DAY by day it becomes more evident that the Coal we happily possess in excellent quality and abundance is the mainspring of modern material civilization. As the source of fire, it is the source at once of mechanical motion and of chemical change. Accordingly it is the chief agent in almost every improvement or discovery in the arts which the present age brings forth. It is to us indispensable for domestic purposes, and it has of late years been found to yield a series of organic substances, which puzzle us by their complexity, please us by their beautiful colours, and serve us by their various utility.


And as the source especially of steam and iron, coal is all powerful. This age has been called the Iron Age, and it is true that iron is the material of most great novelties. By its strength, endurance, and wide range of qualities, this metal is fitted to be the fulcrum and lever of great works, while steam is the motive power. But coal alone can command in sufficient abundance either the iron or the steam; and coal, therefore, commands this age—the Age of Coal.


Coal in truth stands not beside but entirely above all other commodities. It is the material energy of the country—the universal aid—the factor in everything we do. With coal almost any feat is possible or easy; without it we are thrown back into the laborious poverty of early times.


With such facts familiarly before us, it can be no matter of surprise that year by year we make larger draughts upon a material of such myriad qualities—of such miraculous powers. But it is at the same time impossible that men of foresight should not turn to compare with some anxiety the masses yearly drawn with the quantities known or supposed to lie within these islands.


Geologists of eminence, acquainted with the contents of our strata, and accustomed, in the study of their great science, to look over long periods of time with judgment and enlightenment, were long ago painfully struck by the essentially limited nature of our main wealth. And though others have been found to reassure the public, roundly asserting that all anticipations of exhaustion are groundless and absurd, and "may be deferred for an indefinite period," yet misgivings have constantly recurred to those really examining the question. Not long since the subject acquired new weight when prominently brought forward by Sir W. Armstrong in his Address to the British Association, at Newcastle, the very birthplace of the coal trade.

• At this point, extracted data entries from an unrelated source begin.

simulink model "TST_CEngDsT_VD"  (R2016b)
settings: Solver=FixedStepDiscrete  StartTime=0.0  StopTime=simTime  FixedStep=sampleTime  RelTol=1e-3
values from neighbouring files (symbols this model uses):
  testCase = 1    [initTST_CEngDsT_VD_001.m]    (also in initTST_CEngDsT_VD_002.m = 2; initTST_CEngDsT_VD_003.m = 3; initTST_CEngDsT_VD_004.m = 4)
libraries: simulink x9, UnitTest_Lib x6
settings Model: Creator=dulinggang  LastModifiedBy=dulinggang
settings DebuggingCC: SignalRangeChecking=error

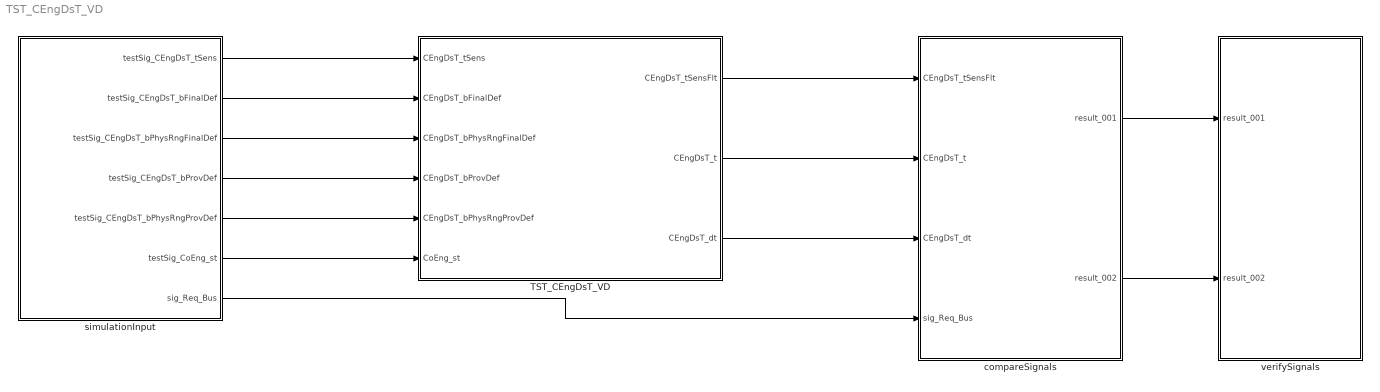
== system TST_CEngDsT_VD ==
  TST_CEngDsT_VD : Subsystem
  compareSignals : Subsystem
  simulationInput : Subsystem
  verifySignals : Subsystem
  wires:
  simulationInput/1(testSig_CEngDsT_tSens) -> TST_CEngDsT_VD/1(CEngDsT_tSens)
  simulationInput/2(testSig_CEngDsT_bFinalDef) -> TST_CEngDsT_VD/2(CEngDsT_bFinalDef)
  simulationInput/3(testSig_CEngDsT_bPhysRngFinalDef) -> TST_CEngDsT_VD/3(CEngDsT_bPhysRngFinalDef)
  simulationInput/4(testSig_CEngDsT_bProvDef) -> TST_CEngDsT_VD/4(CEngDsT_bProvDef)
  simulationInput/5(testSig_CEngDsT_bPhysRngProvDef) -> TST_CEngDsT_VD/5(CEngDsT_bPhysRngProvDef)
  simulationInput/6(testSig_CoEng_st) -> TST_CEngDsT_VD/6(CoEng_st)
  TST_CEngDsT_VD/1(CEngDsT_tSensFlt) -> compareSignals/1(CEngDsT_tSensFlt)
  TST_CEngDsT_VD/2(CEngDsT_t) -> compareSignals/2(CEngDsT_t)
  TST_CEngDsT_VD/3(CEngDsT_dt) -> compareSignals/3(CEngDsT_dt)
  simulationInput/7(sig_Req_Bus) -> compareSignals/4(sig_Req_Bus)
  compareSignals/1(result_001) -> verifySignals/1(result_001)
  compareSignals/2(result_002) -> verifySignals/2(result_002)

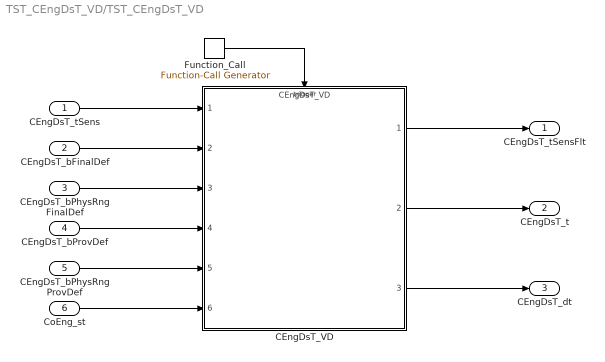
== system TST_CEngDsT_VD/TST_CEngDsT_VD ==
  CEngDsT_tSens : Inport
  CEngDsT_bFinalDef : Inport  Port=2
  CEngDsT_bPhysRngFinalDef : Inport  Port=3
  CEngDsT_bProvDef : Inport  Port=4
  CEngDsT_bPhysRngProvDef : Inport  Port=5
  CoEng_st : Inport  Port=6
  CEngDsT_VD : ModelReference  ModelNameDialog=CEngDsT_VD  SimulationMode=Normal  ModelReferenceVersion=1.125  TriggerPortName=function  TriggerPortTriggerType=function-call  TriggerPortStatesWhenEnabling=held
  Function_Call : simulink/Ports & Subsystems/Function-Call Generator  sample_time=sampleTime  numberOfIterations=1
  CEngDsT_tSensFlt : Outport
  CEngDsT_t : Outport  Port=2
  CEngDsT_dt : Outport  Port=3
  wires:
  Function_Call/1 -> CEngDsT_VD/Trigger
  CEngDsT_tSens/1 -> CEngDsT_VD/1
  CEngDsT_bFinalDef/1 -> CEngDsT_VD/2
  CEngDsT_bPhysRngFinalDef/1 -> CEngDsT_VD/3
  CEngDsT_bProvDef/1 -> CEngDsT_VD/4
  CEngDsT_bPhysRngProvDef/1 -> CEngDsT_VD/5
  CoEng_st/1 -> CEngDsT_VD/6
  CEngDsT_VD/1 -> CEngDsT_tSensFlt/1
  CEngDsT_VD/2 -> CEngDsT_t/1
  CEngDsT_VD/3 -> CEngDsT_dt/1

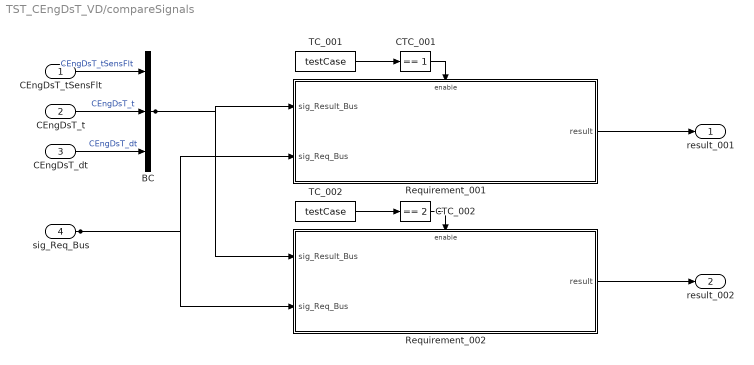
== system TST_CEngDsT_VD/compareSignals ==
  CEngDsT_tSensFlt : Inport
  CEngDsT_t : Inport  Port=2
  CEngDsT_dt : Inport  Port=3
  sig_Req_Bus : Inport  Port=4
  BC : BusCreator  Inputs=3
  CTC_001 : simulink/Logic and Bit Operations/Compare To Constant  relop===  const=1  OutDataTypeStr=boolean
  CTC_002 : simulink/Logic and Bit Operations/Compare To Constant  relop===  const=2  OutDataTypeStr=boolean
  Requirement_001 : Subsystem
  Requirement_002 : Subsystem
  TC_001 : Constant  Value=testCase
  TC_002 : Constant  Value=testCase
  result_001 : Outport
  result_002 : Outport  Port=2
  wires:
  CEngDsT_tSensFlt/1 -> BC/1  "CEngDsT_tSensFlt"
  CEngDsT_t/1 -> BC/2  "CEngDsT_t"
  CEngDsT_dt/1 -> BC/3  "CEngDsT_dt"
  TC_001/1 -> CTC_001/1
  CTC_001/1 -> Requirement_001/Enable
  sig_Req_Bus/1 -> Requirement_001/2(sig_Req_Bus), Requirement_002/2(sig_Req_Bus)
  BC/1 -> Requirement_001/1(sig_Result_Bus), Requirement_002/1(sig_Result_Bus)
  Requirement_001/1(result) -> result_001/1
  TC_002/1 -> CTC_002/1
  CTC_002/1 -> Requirement_002/Enable
  Requirement_002/1(result) -> result_002/1

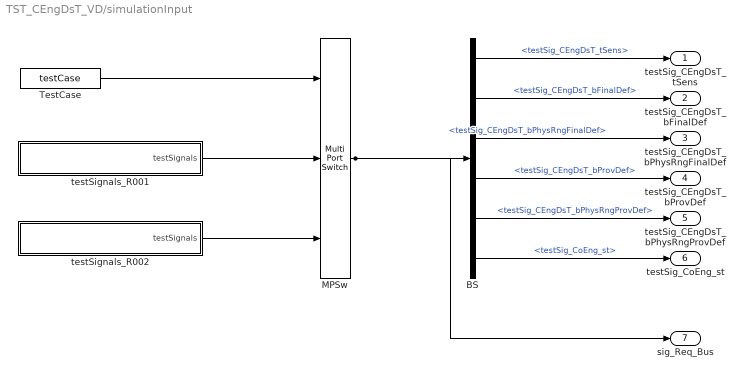
== system TST_CEngDsT_VD/simulationInput ==
  BS : BusSelector  OutputSignals=testSig_CEngDsT_tSens,testSig_CEngDsT_bFinalDef,testSig_CEngDsT_bPhysRngFinalDef,testSig_CEngDsT_bProvDef,testSig_CEngDsT_bPhysRngProvDef,testSig_CoEng_st
  MPSw : MultiPortSwitch  Inputs=2  SaturateOnIntegerOverflow=on  InputSameDT=on
  TestCase : Constant  Value=testCase
  testSignals_R001 : Subsystem
  testSignals_R002 : Subsystem
  testSig_CEngDsT_tSens : Outport
  testSig_CEngDsT_bFinalDef : Outport  Port=2
  testSig_CEngDsT_bPhysRngFinalDef : Outport  Port=3
  testSig_CEngDsT_bProvDef : Outport  Port=4
  testSig_CEngDsT_bPhysRngProvDef : Outport  Port=5
  testSig_CoEng_st : Outport  Port=6
  sig_Req_Bus : Outport  Port=7
  wires:
  BS/1 -> testSig_CEngDsT_tSens/1  "<testSig_CEngDsT_tSens>"
  BS/2 -> testSig_CEngDsT_bFinalDef/1  "<testSig_CEngDsT_bFinalDef>"
  BS/3 -> testSig_CEngDsT_bPhysRngFinalDef/1  "<testSig_CEngDsT_bPhysRngFinalDef>"
  BS/4 -> testSig_CEngDsT_bProvDef/1  "<testSig_CEngDsT_bProvDef>"
  BS/5 -> testSig_CEngDsT_bPhysRngProvDef/1  "<testSig_CEngDsT_bPhysRngProvDef>"
  BS/6 -> testSig_CoEng_st/1  "<testSig_CoEng_st>"
  MPSw/1 -> BS/1, sig_Req_Bus/1
  TestCase/1 -> MPSw/1
  testSignals_R001/1(testSignals) -> MPSw/2
  testSignals_R002/1(testSignals) -> MPSw/3

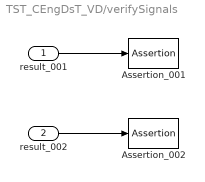
== system TST_CEngDsT_VD/verifySignals ==
  result_001 : Inport
  result_002 : Inport  Port=2
  Assertion_001 : Assertion  Enabled=off
  Assertion_002 : Assertion  Enabled=off
  wires:
  result_001/1 -> Assertion_001/1
  result_002/1 -> Assertion_002/1

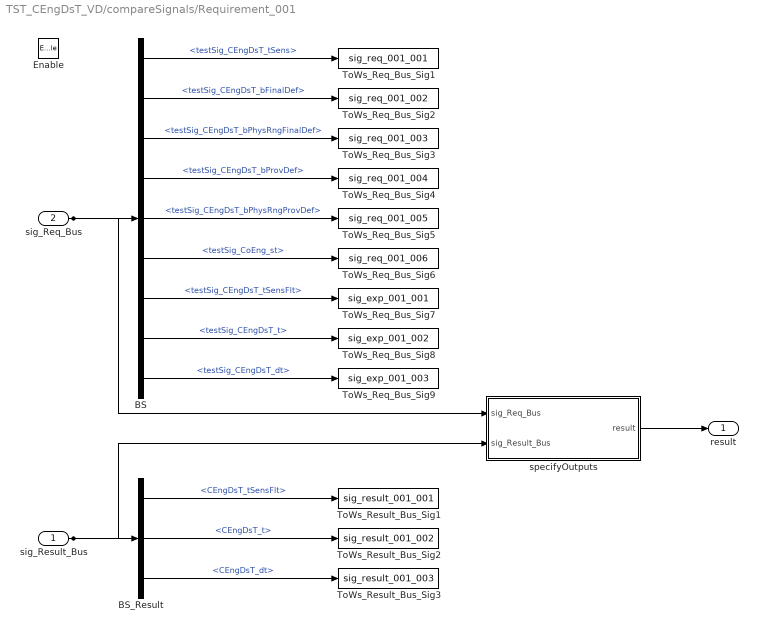
== system TST_CEngDsT_VD/compareSignals/Requirement_001 ==
  sig_Result_Bus : Inport
  sig_Req_Bus : Inport  Port=2
  Enable : EnablePort
  BS : BusSelector  OutputSignals=testSig_CEngDsT_tSens,testSig_CEngDsT_bFinalDef,testSig_CEngDsT_bPhysRngFinalDef,testSig_CEngDsT_bProvDef,testSig_CEngDsT_bPhysRngProvDef,testSig_CoEng_st,testSig_CEngDsT_tSensFlt,testSig_CEngDsT_t,testSig_CEngDsT_dt
  BS_Result : BusSelector  OutputSignals=CEngDsT_tSensFlt,CEngDsT_t,CEngDsT_dt
  ToWs_Req_Bus_Sig1 : ToWorkspace  VariableName=sig_req_001_001  SaveFormat=Structure With Time
  ToWs_Req_Bus_Sig2 : ToWorkspace  VariableName=sig_req_001_002  SaveFormat=Structure With Time
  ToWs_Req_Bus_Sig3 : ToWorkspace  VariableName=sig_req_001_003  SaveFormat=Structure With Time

This question concerning the duration of our present cheap supplies of coal cannot but excite deep interest and anxiety wherever or whenever it is mentioned: for a little reflection will show that coal is almost the sole necessary basis of our material power, and is that, consequently, which gives efficiency to our moral and intellectual capabilities. England's manufacturing and commercial greatness, at least, is at stake in this question, nor can we be sure that material decay may not involve us in moral and intellectual retrogression. And as there is no part of the civilized world where the life of our true and beneficent Commonwealth can be a matter of indifference, so, above all, to an Englishman who knows the grand and steadfast course his country has pursued to its present point, its future must be a matter of almost personal solicitude and affection.


The thoughtless and selfish, indeed, who fear any interference with the enjoyment of the present, will be apt to stigmatise all reasoning about the future as absurd and chimerical. But the opinions of such are closely guided by their wishes. It is true that at the best we see dimly into the future, but those who acknowledge their duty to posterity will feel impelled to use their foresight upon what facts and guiding principles we do possess. Though many data are at present wanting or doubtful, our conclusions may be rendered so far probable as to lead to further inquiries upon a subject of such overwhelming importance. And we ought not at least to delay dispersing a set of plausible fallacies about the economy of fuel, and the discovery of substitutes for coal, which at present obscure the critical nature of the question, and are eagerly passed about among those who like to believe that we have an indefinite period of prosperity before us.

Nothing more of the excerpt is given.